### Stored dataset items:
***
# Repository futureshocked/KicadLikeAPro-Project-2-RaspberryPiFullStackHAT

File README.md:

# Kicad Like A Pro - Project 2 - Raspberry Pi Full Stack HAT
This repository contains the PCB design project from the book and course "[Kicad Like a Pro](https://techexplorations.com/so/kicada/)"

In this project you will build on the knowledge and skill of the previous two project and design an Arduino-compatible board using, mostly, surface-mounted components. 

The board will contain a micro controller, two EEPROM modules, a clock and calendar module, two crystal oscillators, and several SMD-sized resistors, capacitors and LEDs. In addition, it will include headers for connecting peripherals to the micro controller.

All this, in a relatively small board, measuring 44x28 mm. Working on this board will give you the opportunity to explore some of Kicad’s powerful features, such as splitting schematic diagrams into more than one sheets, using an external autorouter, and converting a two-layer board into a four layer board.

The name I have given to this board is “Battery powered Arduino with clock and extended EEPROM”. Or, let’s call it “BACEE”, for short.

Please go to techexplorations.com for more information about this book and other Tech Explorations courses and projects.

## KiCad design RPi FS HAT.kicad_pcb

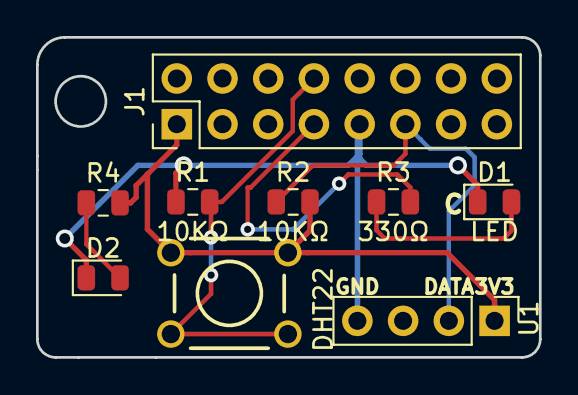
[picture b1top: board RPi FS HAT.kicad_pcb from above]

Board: 2 copper layers, 27.9 x 17.8 mm, 9 parts (0 on the bottom side), 7 nets.

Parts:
D1, D2: LED; LED_0805_2012Metric
J1: Raspberry_Pi_2_3; PinHeader_2x08_P2.54mm_Vertical
R1, R2: 10KΩ; R_0805_2012Metric
R3, R4: 330Ω; R_0805_2012Metric
SW1: SW_DPST; SW_PUSHBUTTON_PTH
U1: DHT22; PinHeader_1x04_P2.54mm_Vertical

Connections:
/3V3: J1.1, R2.2, R4.2, SW1.1, U1.1
/button_input: J1.8, R1.2, SW1.2
/led: J1.7, R3.2
/sensor_data: J1.11, R2.1, U1.2
GND: D1.1, D2.1, J1.6, J1.9, R1.1, U1.4
unnamed: D1.2, R3.1
unnamed: D2.2, R4.1

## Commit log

2018-08-17 New project started, added symbols in Eeschema.
2018-08-17 Symbol placement complete.
2018-08-17 Association completed.
2018-08-17 Updated symbol arrangement, done with wiring.
2018-08-17 Added PWR_FLG and Unconnected.
2018-08-17 Replaced GND wires with GND symbol.
2018-08-17 Replaced wires with net labels .
2018-08-17 Named last few wires.
2018-08-17 Extended a wire for clarity.
2018-08-17 Extended a wire for clarity #2.
2018-08-17 Added comments.
2018-08-17 Created netlist file.
2018-08-17 Imported netlist and set design ruled.
2018-08-17 Header and hole in place.
2018-08-17 Outline with rounded corners.
2018-08-17 Footprints placed.
2018-08-17 Completed placement.
2018-08-17 Drawn tracks.
2018-08-17 Added back copper fill.
2018-08-17 Added text silkscreen pabels to the front.
2018-08-18 Added Gerbers, completed project.
2018-08-28 Added new symbols.
2018-08-28 New netlist file contains a second LED and resistor.
2018-08-28 Completed update of the board.
2018-09-17 Added non-class letter N for fenced in areas.
***
### GOAL OF THE EXERCISE:
I'd like the entries above repeated exactly, but without any of their pictures.

### EXERCISE RESPONSE:
# Repository futureshocked/KicadLikeAPro-Project-2-RaspberryPiFullStackHAT

File README.md:

# Kicad Like A Pro - Project 2 - Raspberry Pi Full Stack HAT
This repository contains the PCB design project from the book and course "[Kicad Like a Pro](https://techexplorations.com/so/kicada/)"

In this project you will build on the knowledge and skill of the previous two project and design an Arduino-compatible board using, mostly, surface-mounted components. 

The board will contain a micro controller, two EEPROM modules, a clock and calendar module, two crystal oscillators, and several SMD-sized resistors, capacitors and LEDs. In addition, it will include headers for connecting peripherals to the micro controller.

All this, in a relatively small board, measuring 44x28 mm. Working on this board will give you the opportunity to explore some of Kicad’s powerful features, such as splitting schematic diagrams into more than one sheets, using an external autorouter, and converting a two-layer board into a four layer board.

The name I have given to this board is “Battery powered Arduino with clock and extended EEPROM”. Or, let’s call it “BACEE”, for short.

Please go to techexplorations.com for more information about this book and other Tech Explorations courses and projects.

## KiCad design RPi FS HAT.kicad_pcb

[picture b1top: board RPi FS HAT.kicad_pcb from above]

Board: 2 copper layers, 27.9 x 17.8 mm, 9 parts (0 on the bottom side), 7 nets.

Parts:
D1, D2: LED; LED_0805_2012Metric
J1: Raspberry_Pi_2_3; PinHeader_2x08_P2.54mm_Vertical
R1, R2: 10KΩ; R_0805_2012Metric
R3, R4: 330Ω; R_0805_2012Metric
SW1: SW_DPST; SW_PUSHBUTTON_PTH
U1: DHT22; PinHeader_1x04_P2.54mm_Vertical

Connections:
/3V3: J1.1, R2.2, R4.2, SW1.1, U1.1
/button_input: J1.8, R1.2, SW1.2
/led: J1.7, R3.2
/sensor_data: J1.11, R2.1, U1.2
GND: D1.1, D2.1, J1.6, J1.9, R1.1, U1.4
unnamed: D1.2, R3.1
unnamed: D2.2, R4.1

## Commit log

2018-08-17 New project started, added symbols in Eeschema.
2018-08-17 Symbol placement complete.
2018-08-17 Association completed.
2018-08-17 Updated symbol arrangement, done with wiring.
2018-08-17 Added PWR_FLG and Unconnected.
2018-08-17 Replaced GND wires with GND symbol.
2018-08-17 Replaced wires with net labels .
2018-08-17 Named last few wires.
2018-08-17 Extended a wire for clarity.
2018-08-17 Extended a wire for clarity #2.
2018-08-17 Added comments.
2018-08-17 Created netlist file.
2018-08-17 Imported netlist and set design ruled.
2018-08-17 Header and hole in place.
2018-08-17 Outline with rounded corners.
2018-08-17 Footprints placed.
2018-08-17 Completed placement.
2018-08-17 Drawn tracks.
2018-08-17 Added back copper fill.
2018-08-17 Added text silkscreen pabels to the front.
2018-08-18 Added Gerbers, completed project.
2018-08-28 Added new symbols.
2018-08-28 New netlist file contains a second LED and resistor.
2018-08-28 Completed update of the board.
2018-09-17 Added non-class letter N for fenced in areas.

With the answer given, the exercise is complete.